Give back, exactly as written, the lines from the first line of the data below through the line with "#8=PRODUCT_DEFINITION('design','',#6,#7);", and omit the pictures.

Saved entries
:::::

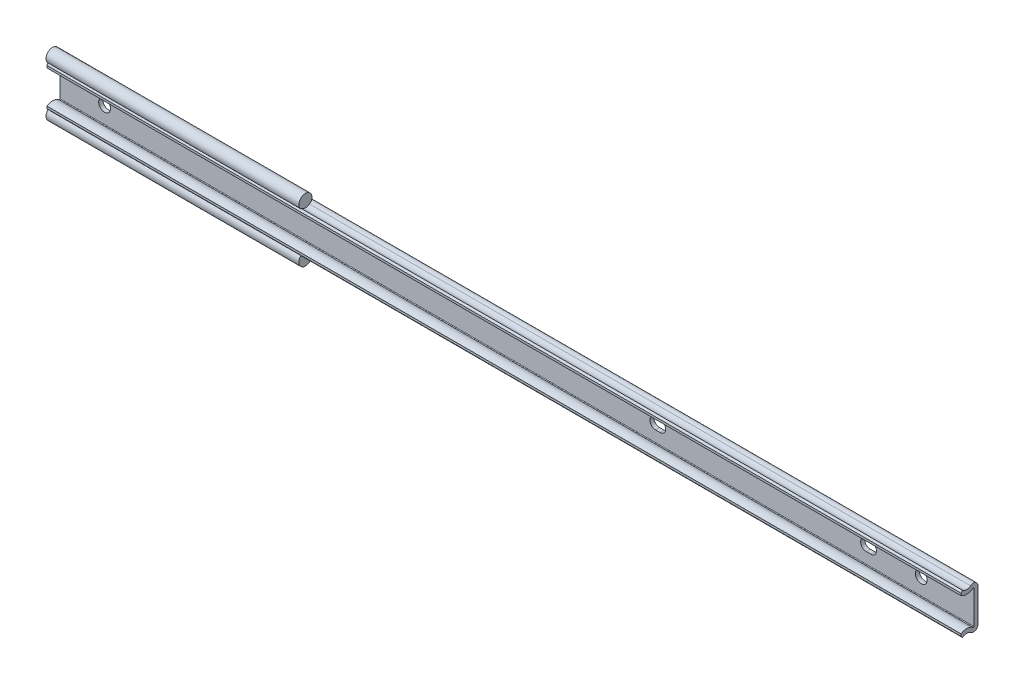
ISO-10303-21;
HEADER;
FILE_DESCRIPTION(('STEP AP214'),'2;1');
FILE_NAME('part.step','',(''),(''),'','','');
FILE_SCHEMA(('AUTOMOTIVE_DESIGN { 1 0 10303 214 1 1 1 1 }'));
ENDSEC;
DATA;
#1=APPLICATION_CONTEXT('core data for automotive mechanical design processes');
#2=APPLICATION_PROTOCOL_DEFINITION('international standard','automotive_design',2000,#1);
#3=PRODUCT_CONTEXT('',#1,'mechanical');
#4=PRODUCT('Part','Part','',(#3));
#5=PRODUCT_RELATED_PRODUCT_CATEGORY('part','',(#4));
#6=PRODUCT_DEFINITION_FORMATION('','',#4);
#7=PRODUCT_DEFINITION_CONTEXT('part definition',#1,'design');
#8=PRODUCT_DEFINITION('design','',#6,#7);
#9=PRODUCT_DEFINITION_SHAPE('','',#8);
#10=(LENGTH_UNIT() NAMED_UNIT(*) SI_UNIT(.MILLI.,.METRE.));
#11=(NAMED_UNIT(*) PLANE_ANGLE_UNIT() SI_UNIT($,.RADIAN.));
#12=(NAMED_UNIT(*) SI_UNIT($,.STERADIAN.) SOLID_ANGLE_UNIT());
#13=UNCERTAINTY_MEASURE_WITH_UNIT(LENGTH_MEASURE(1.E-05),#10,'distance_accuracy_value','');
#14=(GEOMETRIC_REPRESENTATION_CONTEXT(3) GLOBAL_UNCERTAINTY_ASSIGNED_CONTEXT((#13)) GLOBAL_UNIT_ASSIGNED_CONTEXT((#10,
#11,#12)) REPRESENTATION_CONTEXT('',''));
#15=CARTESIAN_POINT('',(0.,0.,0.));
#16=DIRECTION('',(0.,0.,1.));
#17=DIRECTION('',(1.,0.,0.));
#18=AXIS2_PLACEMENT_3D('',#15,#16,#17);
#19=CARTESIAN_POINT('',(330.,9.66999972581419,4.30999993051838));
#20=DIRECTION('',(-1.,0.,0.));
#21=DIRECTION('',(0.,0.,1.));
#22=AXIS2_PLACEMENT_3D('',#19,#20,#21);
#23=CYLINDRICAL_SURFACE('',#22,2.48000011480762);
#24=CARTESIAN_POINT('',(79.,9.66999972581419,4.3099999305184));
#25=DIRECTION('',(-1.,0.,0.));
#26=DIRECTION('',(0.,0.,1.));
#27=AXIS2_PLACEMENT_3D('',#24,#25,#26);
#28=CIRCLE('',#27,2.48000011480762);
#29=CARTESIAN_POINT('',(79.,7.77020940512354,5.90411325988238));
#30=VERTEX_POINT('',#29);
#31=CARTESIAN_POINT('',(79.,7.69573912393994,2.80910165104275));
#32=VERTEX_POINT('',#31);
#33=EDGE_CURVE('E228',#30,#32,#28,.F.);
#34=ORIENTED_EDGE('',*,*,#33,.F.);
#35=DIRECTION('',(-1.,0.,0.));
#36=VECTOR('',#35,1.);
#37=CARTESIAN_POINT('',(330.,7.77020940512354,5.90411325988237));
#38=LINE('',#37,#36);
#39=CARTESIAN_POINT('',(330.,7.77020940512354,5.90411325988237));
#40=VERTEX_POINT('',#39);
#41=EDGE_CURVE('E350',#40,#30,#38,.T.);
#42=ORIENTED_EDGE('',*,*,#41,.F.);
#43=CARTESIAN_POINT('',(330.,9.66999972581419,4.30999993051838));
#44=DIRECTION('',(-1.,0.,0.));
#45=DIRECTION('',(0.,0.,-1.));
#46=AXIS2_PLACEMENT_3D('',#43,#44,#45);
#47=CIRCLE('',#46,2.48000011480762);
#48=CARTESIAN_POINT('',(330.,7.69573912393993,2.80910165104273));
#49=VERTEX_POINT('',#48);
#50=EDGE_CURVE('E324',#49,#40,#47,.T.);
#51=ORIENTED_EDGE('',*,*,#50,.F.);
#52=DIRECTION('',(-1.,0.,0.));
#53=VECTOR('',#52,1.);
#54=CARTESIAN_POINT('',(330.,7.69573912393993,2.80910165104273));
#55=LINE('',#54,#53);
#56=EDGE_CURVE('E353',#49,#32,#55,.T.);
#57=ORIENTED_EDGE('',*,*,#56,.T.);
#58=EDGE_LOOP('',(#34,#42,#51,#57));
#59=FACE_BOUND('',#58,.T.);
#60=ADVANCED_FACE('F14',(#59),#23,.F.);
#61=CARTESIAN_POINT('',(330.,-9.66999990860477,4.30999993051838));
#62=DIRECTION('',(-1.,0.,0.));
#63=DIRECTION('',(0.,0.,1.));
#64=AXIS2_PLACEMENT_3D('',#61,#62,#63);
#65=CYLINDRICAL_SURFACE('',#64,4.03000011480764);
#66=DIRECTION('',(-1.,0.,0.));
#67=VECTOR('',#66,1.);
#68=CARTESIAN_POINT('',(330.,-6.46182654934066,1.87104018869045));
#69=LINE('',#68,#67);
#70=CARTESIAN_POINT('',(330.,-6.46182654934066,1.87104018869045));
#71=VERTEX_POINT('',#70);
#72=CARTESIAN_POINT('',(-17.,-6.46182654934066,1.87104018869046));
#73=VERTEX_POINT('',#72);
#74=EDGE_CURVE('E338',#71,#73,#69,.T.);
#75=ORIENTED_EDGE('',*,*,#74,.T.);
#76=CARTESIAN_POINT('',(-17.,-9.66999990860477,4.3099999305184));
#77=DIRECTION('',(-1.,0.,0.));
#78=DIRECTION('',(0.,0.,1.));
#79=AXIS2_PLACEMENT_3D('',#76,#77,#78);
#80=CIRCLE('',#79,4.03000011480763);
#81=CARTESIAN_POINT('',(-17.,-6.26775055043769,6.4699999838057));
#82=VERTEX_POINT('',#81);
#83=EDGE_CURVE('E232',#82,#73,#80,.T.);
#84=ORIENTED_EDGE('',*,*,#83,.F.);
#85=DIRECTION('',(-1.,0.,0.));
#86=VECTOR('',#85,1.);
#87=CARTESIAN_POINT('',(330.,-6.26775055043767,6.4699999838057));
#88=LINE('',#87,#86);
#89=CARTESIAN_POINT('',(330.,-6.26775055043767,6.4699999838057));
#90=VERTEX_POINT('',#89);
#91=EDGE_CURVE('E368',#90,#82,#88,.T.);
#92=ORIENTED_EDGE('',*,*,#91,.F.);
#93=CARTESIAN_POINT('',(330.,-9.66999990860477,4.30999993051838));
#94=DIRECTION('',(1.,0.,0.));
#95=DIRECTION('',(0.,0.,1.));
#96=AXIS2_PLACEMENT_3D('',#93,#94,#95);
#97=CIRCLE('',#96,4.03000011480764);
#98=EDGE_CURVE('E309',#71,#90,#97,.T.);
#99=ORIENTED_EDGE('',*,*,#98,.F.);
#100=EDGE_LOOP('',(#75,#84,#92,#99));
#101=FACE_BOUND('',#100,.T.);
#102=ADVANCED_FACE('F16',(#101),#65,.T.);
#103=CARTESIAN_POINT('',(330.,-6.26775055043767,6.4699999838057));
#104=DIRECTION('',(0.,0.,-1.));
#105=DIRECTION('',(-1.,0.,0.));
#106=AXIS2_PLACEMENT_3D('',#103,#104,#105);
#107=PLANE('',#106);
#108=ORIENTED_EDGE('',*,*,#91,.T.);
#109=DIRECTION('',(0.,1.,0.));
#110=VECTOR('',#109,1.);
#111=CARTESIAN_POINT('',(-17.,-7.09581181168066,6.46999998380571));
#112=LINE('',#111,#110);
#113=CARTESIAN_POINT('',(-17.,-7.09581181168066,6.46999998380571));
#114=VERTEX_POINT('',#113);
#115=EDGE_CURVE('E262',#114,#82,#112,.T.);
#116=ORIENTED_EDGE('',*,*,#115,.F.);
#117=DIRECTION('',(-1.,0.,0.));
#118=VECTOR('',#117,1.);
#119=CARTESIAN_POINT('',(330.,-7.09581181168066,6.4699999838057));
#120=LINE('',#119,#118);
#121=CARTESIAN_POINT('',(330.,-7.09581181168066,6.4699999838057));
#122=VERTEX_POINT('',#121);
#123=EDGE_CURVE('E366',#122,#114,#120,.T.);
#124=ORIENTED_EDGE('',*,*,#123,.F.);
#125=DIRECTION('',(0.,-1.,0.));
#126=VECTOR('',#125,1.);
#127=CARTESIAN_POINT('',(330.,-6.26775055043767,6.4699999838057));
#128=LINE('',#127,#126);
#129=EDGE_CURVE('E312',#90,#122,#128,.T.);
#130=ORIENTED_EDGE('',*,*,#129,.F.);
#131=EDGE_LOOP('',(#108,#116,#124,#130));
#132=FACE_BOUND('',#131,.T.);
#133=ADVANCED_FACE('F456',(#132),#107,.F.);
#134=CARTESIAN_POINT('',(330.,-7.77020958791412,5.90411325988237));
#135=DIRECTION('',(0.,0.642787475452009,-0.766044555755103));
#136=DIRECTION('',(0.,0.766044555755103,0.642787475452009));
#137=AXIS2_PLACEMENT_3D('',#134,#135,#136);
#138=PLANE('',#137);
#139=DIRECTION('',(0.,0.7660445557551,0.642787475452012));
#140=VECTOR('',#139,1.);
#141=CARTESIAN_POINT('',(-17.,-7.77020958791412,5.90411325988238));
#142=LINE('',#141,#140);
#143=CARTESIAN_POINT('',(-17.,-7.65539913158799,6.00045063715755));
#144=VERTEX_POINT('',#143);
#145=EDGE_CURVE('E211',#144,#114,#142,.T.);
#146=ORIENTED_EDGE('',*,*,#145,.F.);
#147=DIRECTION('',(-1.,0.,0.));
#148=VECTOR('',#147,1.);
#149=CARTESIAN_POINT('',(79.,-7.65539913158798,6.00045063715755));
#150=LINE('',#149,#148);
#151=CARTESIAN_POINT('',(79.,-7.65539913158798,6.00045063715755));
#152=VERTEX_POINT('',#151);
#153=EDGE_CURVE('E202',#144,#152,#150,.F.);
#154=ORIENTED_EDGE('',*,*,#153,.T.);
#155=DIRECTION('',(0.,-0.766044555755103,-0.642787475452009));
#156=VECTOR('',#155,1.);
#157=CARTESIAN_POINT('',(79.,-7.77020958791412,5.90411325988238));
#158=LINE('',#157,#156);
#159=CARTESIAN_POINT('',(79.,-7.77020958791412,5.90411325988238));
#160=VERTEX_POINT('',#159);
#161=EDGE_CURVE('E188',#152,#160,#158,.T.);
#162=ORIENTED_EDGE('',*,*,#161,.T.);
#163=DIRECTION('',(-1.,0.,0.));
#164=VECTOR('',#163,1.);
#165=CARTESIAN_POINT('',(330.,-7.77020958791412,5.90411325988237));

:::::

_SOLUTION FOR THIS EXERCISE:_
ISO-10303-21;
HEADER;
FILE_DESCRIPTION(('STEP AP214'),'2;1');
FILE_NAME('part.step','',(''),(''),'','','');
FILE_SCHEMA(('AUTOMOTIVE_DESIGN { 1 0 10303 214 1 1 1 1 }'));
ENDSEC;
DATA;
#1=APPLICATION_CONTEXT('core data for automotive mechanical design processes');
#2=APPLICATION_PROTOCOL_DEFINITION('international standard','automotive_design',2000,#1);
#3=PRODUCT_CONTEXT('',#1,'mechanical');
#4=PRODUCT('Part','Part','',(#3));
#5=PRODUCT_RELATED_PRODUCT_CATEGORY('part','',(#4));
#6=PRODUCT_DEFINITION_FORMATION('','',#4);
#7=PRODUCT_DEFINITION_CONTEXT('part definition',#1,'design');
#8=PRODUCT_DEFINITION('design','',#6,#7);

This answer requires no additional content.